Brevan Howard Asia Fund L.P.
Brevan Howard Multi-Strategy Fund, L.P.
Brevan Howard AH Fund, L.P.
Brevan Howard AS Macro Fund, L.P.
Brevan Howard Greek Opportunities Fund, L.P.
Brevan Howard Global Volatility Fund, L.P.
Brevan Howard MB Macro Fund, L.P.
Brevan Howard US Rates Opportunities Fund, L.P.
Brevan Howard Alpha Strategies Fund, L.P.
Brevan Howard FG Macro Fund, L.P.
Brevan Howard TN Macro Fund, L.P.
Brevan Howard General Partner Limited in its capacity as general partner of each LP Fund
The Fund’s place of business is at PO Box 309, Ugland House, George Town, Grand Cayman, KY1-1104, Cayman Islands.
About this privacy notice
The Fund is a data controller in respect of your personal data for the purposes of data protection law, such as the European Union’s General Data Protection Regulation and the Cayman Islands’ Data Protection Law, 2017. The Fund is responsible for ensuring that it uses your personal data in compliance with data protection law.
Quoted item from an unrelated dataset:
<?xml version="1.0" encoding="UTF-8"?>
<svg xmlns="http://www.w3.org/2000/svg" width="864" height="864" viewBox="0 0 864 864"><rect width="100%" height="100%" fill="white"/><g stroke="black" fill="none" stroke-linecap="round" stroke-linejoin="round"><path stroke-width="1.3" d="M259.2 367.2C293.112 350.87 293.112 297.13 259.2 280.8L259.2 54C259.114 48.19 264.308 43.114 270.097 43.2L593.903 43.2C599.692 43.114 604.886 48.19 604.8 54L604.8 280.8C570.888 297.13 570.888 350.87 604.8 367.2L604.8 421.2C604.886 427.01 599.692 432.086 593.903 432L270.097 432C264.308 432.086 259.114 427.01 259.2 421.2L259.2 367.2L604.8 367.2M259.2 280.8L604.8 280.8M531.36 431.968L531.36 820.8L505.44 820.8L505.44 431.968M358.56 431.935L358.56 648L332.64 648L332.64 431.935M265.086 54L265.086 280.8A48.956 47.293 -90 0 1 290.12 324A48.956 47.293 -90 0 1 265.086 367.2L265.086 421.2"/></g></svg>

International Fund Services (Ireland) Limited, the Fund’s administrator, is a data processor in respect of your personal data for the purposes of data protection law and will generally process personal data provided to it in connection with an investment in the Fund in accordance with the Fund’s instructions, and the Fund will generally act as the data controller of any such personal data.
This privacy notice applies to you if (i) you are an applicant for shares in the Fund, (ii) your personal data has been provided to the Fund in connection with an application for shares in the Fund by another person (such as where you are a director, partner, trustee, employee, agent or direct or indirect owner of an applicant) or (iii) the Fund otherwise uses your personal data. This privacy notice sets out the basis on which personal data about you will be processed by the Fund. Please take the time to read and understand this privacy notice.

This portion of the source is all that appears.